# Required work
Your answer should be the exact lines of the data below from the one containing "Bottom Layer w10: v1(1395,4620)" through the one containing "CSN: RPi.12 U4.10 | length 979.8"; please include nothing else.

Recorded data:
%%
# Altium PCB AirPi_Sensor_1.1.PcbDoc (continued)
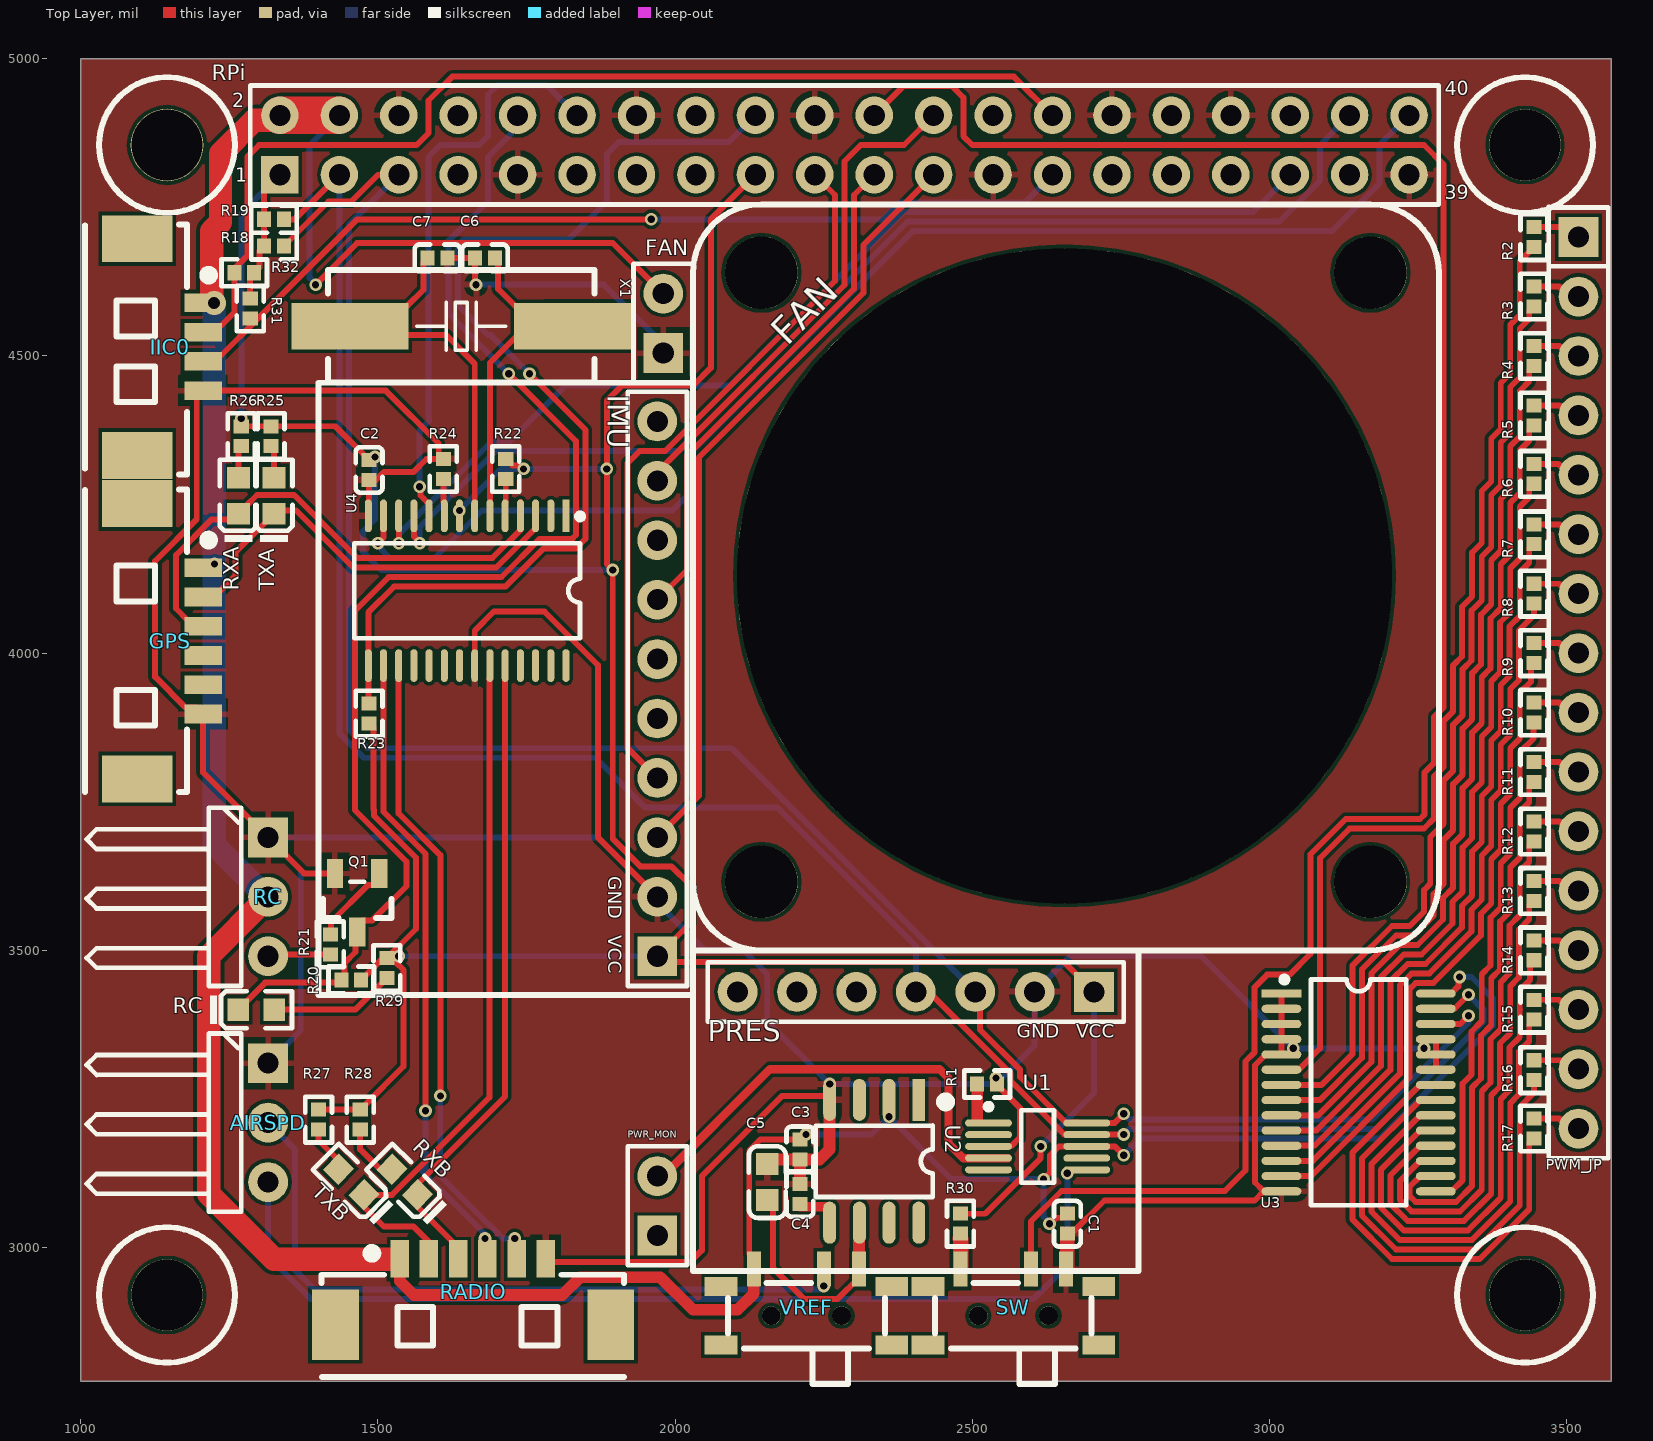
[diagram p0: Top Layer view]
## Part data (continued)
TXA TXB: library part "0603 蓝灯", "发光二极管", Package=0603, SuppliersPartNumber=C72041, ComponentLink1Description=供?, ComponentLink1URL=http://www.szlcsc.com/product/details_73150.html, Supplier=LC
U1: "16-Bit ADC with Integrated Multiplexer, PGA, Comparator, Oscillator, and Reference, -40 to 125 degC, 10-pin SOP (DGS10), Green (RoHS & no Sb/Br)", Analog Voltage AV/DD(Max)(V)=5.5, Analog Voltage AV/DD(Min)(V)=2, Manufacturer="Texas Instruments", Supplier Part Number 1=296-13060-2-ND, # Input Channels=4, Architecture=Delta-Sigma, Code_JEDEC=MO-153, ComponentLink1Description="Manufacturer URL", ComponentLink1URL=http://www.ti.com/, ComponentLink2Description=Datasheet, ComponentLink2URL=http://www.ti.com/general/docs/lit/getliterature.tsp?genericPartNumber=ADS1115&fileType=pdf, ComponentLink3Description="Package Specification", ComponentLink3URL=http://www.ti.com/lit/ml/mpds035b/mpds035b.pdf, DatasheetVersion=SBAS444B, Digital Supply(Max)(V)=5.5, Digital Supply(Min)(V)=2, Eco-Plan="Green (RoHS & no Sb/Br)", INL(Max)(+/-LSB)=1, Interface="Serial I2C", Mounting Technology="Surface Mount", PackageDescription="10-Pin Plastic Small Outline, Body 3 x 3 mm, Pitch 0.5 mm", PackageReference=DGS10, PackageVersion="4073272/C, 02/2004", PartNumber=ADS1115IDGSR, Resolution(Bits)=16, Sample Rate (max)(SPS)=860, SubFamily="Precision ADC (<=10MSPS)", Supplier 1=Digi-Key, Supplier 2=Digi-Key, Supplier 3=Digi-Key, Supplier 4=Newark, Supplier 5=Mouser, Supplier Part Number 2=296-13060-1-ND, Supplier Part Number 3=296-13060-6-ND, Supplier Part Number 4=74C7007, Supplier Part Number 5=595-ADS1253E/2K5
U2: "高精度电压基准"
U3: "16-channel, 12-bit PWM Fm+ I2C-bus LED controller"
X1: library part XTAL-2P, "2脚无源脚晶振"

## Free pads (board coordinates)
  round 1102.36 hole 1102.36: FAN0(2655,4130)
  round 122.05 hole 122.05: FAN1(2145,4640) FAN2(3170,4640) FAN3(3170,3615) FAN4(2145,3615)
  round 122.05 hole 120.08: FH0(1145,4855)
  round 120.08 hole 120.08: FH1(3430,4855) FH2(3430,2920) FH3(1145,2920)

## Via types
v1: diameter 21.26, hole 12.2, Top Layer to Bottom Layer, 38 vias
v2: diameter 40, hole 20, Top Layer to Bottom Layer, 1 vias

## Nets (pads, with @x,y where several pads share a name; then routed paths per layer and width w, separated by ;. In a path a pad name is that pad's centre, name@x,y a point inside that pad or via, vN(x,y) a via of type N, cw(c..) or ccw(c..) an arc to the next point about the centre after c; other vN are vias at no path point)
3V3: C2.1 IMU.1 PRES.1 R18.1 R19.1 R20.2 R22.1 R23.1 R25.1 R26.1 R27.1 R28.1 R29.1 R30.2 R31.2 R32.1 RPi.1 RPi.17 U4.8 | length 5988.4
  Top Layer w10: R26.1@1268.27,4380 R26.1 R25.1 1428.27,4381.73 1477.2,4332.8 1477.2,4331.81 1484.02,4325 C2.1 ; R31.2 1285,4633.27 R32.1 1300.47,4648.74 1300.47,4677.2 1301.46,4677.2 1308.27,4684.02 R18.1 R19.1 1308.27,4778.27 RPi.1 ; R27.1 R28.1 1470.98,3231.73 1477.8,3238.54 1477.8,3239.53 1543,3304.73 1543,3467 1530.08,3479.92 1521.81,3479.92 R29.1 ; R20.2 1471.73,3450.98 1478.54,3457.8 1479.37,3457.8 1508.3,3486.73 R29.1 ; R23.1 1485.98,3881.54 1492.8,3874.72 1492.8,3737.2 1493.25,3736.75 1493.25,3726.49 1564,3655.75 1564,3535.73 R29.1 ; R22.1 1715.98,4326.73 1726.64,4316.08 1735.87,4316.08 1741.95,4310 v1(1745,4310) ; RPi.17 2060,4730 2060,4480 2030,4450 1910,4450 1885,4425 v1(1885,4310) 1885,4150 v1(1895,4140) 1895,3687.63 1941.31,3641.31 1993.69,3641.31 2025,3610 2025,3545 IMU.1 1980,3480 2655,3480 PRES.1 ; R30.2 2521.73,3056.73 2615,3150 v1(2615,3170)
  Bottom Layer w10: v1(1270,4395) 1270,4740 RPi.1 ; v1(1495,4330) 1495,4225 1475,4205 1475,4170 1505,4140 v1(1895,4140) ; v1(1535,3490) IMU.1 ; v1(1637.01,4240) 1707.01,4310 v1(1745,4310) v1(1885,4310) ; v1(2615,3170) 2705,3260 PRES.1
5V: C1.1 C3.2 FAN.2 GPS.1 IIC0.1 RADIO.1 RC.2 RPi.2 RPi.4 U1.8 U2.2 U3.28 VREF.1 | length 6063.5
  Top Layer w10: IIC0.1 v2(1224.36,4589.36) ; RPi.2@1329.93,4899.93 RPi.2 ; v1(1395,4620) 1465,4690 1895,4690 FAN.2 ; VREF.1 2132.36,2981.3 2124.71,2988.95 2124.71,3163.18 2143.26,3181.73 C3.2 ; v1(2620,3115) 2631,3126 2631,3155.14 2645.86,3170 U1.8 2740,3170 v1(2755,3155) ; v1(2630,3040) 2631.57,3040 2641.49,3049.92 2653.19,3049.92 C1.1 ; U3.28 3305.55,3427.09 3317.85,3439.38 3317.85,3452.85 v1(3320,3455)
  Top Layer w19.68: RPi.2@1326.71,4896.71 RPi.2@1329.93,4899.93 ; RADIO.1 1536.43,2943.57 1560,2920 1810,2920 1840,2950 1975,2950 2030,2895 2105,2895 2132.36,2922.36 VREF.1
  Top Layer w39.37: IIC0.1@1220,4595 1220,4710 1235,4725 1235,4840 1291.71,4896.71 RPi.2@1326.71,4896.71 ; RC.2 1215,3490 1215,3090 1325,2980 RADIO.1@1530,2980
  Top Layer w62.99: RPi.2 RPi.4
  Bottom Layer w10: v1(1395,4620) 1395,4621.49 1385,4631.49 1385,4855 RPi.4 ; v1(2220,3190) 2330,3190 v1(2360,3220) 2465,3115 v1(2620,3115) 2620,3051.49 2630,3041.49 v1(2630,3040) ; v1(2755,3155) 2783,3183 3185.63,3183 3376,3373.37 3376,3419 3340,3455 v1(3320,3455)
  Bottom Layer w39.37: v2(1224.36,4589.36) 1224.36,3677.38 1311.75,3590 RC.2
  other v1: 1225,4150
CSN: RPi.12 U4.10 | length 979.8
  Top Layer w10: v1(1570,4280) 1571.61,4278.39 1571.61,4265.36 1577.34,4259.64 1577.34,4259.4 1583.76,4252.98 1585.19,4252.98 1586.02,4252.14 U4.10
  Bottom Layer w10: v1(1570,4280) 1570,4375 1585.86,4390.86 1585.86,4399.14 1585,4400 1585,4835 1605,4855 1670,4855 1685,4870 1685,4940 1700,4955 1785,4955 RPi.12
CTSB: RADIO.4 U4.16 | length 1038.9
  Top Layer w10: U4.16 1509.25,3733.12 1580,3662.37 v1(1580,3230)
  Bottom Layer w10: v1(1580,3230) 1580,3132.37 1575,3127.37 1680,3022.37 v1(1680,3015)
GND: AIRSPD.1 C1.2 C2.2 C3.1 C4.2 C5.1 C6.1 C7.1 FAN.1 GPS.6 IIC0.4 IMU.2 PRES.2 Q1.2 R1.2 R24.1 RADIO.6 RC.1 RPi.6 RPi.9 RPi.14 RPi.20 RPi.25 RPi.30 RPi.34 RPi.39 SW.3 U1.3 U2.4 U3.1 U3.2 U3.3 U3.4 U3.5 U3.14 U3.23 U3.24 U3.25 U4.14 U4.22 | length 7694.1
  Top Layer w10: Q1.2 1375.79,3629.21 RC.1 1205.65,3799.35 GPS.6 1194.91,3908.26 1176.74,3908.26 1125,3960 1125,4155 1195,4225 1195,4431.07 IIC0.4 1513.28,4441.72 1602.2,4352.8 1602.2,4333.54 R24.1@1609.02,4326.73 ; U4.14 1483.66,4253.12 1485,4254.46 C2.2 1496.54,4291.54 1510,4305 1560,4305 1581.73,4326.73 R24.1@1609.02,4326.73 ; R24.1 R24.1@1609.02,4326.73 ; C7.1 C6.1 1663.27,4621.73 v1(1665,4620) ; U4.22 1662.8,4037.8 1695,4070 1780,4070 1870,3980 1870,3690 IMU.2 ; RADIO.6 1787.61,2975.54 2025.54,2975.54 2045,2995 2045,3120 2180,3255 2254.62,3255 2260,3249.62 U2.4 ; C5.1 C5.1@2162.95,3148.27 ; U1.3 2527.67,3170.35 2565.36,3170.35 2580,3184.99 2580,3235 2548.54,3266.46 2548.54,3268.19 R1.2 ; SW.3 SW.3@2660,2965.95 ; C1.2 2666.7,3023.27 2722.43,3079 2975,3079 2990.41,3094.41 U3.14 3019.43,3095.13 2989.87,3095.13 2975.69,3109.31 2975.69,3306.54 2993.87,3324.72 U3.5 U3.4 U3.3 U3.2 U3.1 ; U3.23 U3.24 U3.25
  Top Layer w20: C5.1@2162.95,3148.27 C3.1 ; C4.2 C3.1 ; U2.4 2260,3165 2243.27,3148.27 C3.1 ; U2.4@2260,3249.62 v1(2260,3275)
%%
# Solution to this problem
  Bottom Layer w10: v1(1395,4620) 1395,4621.49 1385,4631.49 1385,4855 RPi.4 ; v1(2220,3190) 2330,3190 v1(2360,3220) 2465,3115 v1(2620,3115) 2620,3051.49 2630,3041.49 v1(2630,3040) ; v1(2755,3155) 2783,3183 3185.63,3183 3376,3373.37 3376,3419 3340,3455 v1(3320,3455)
  Bottom Layer w39.37: v2(1224.36,4589.36) 1224.36,3677.38 1311.75,3590 RC.2
  other v1: 1225,4150
CSN: RPi.12 U4.10 | length 979.8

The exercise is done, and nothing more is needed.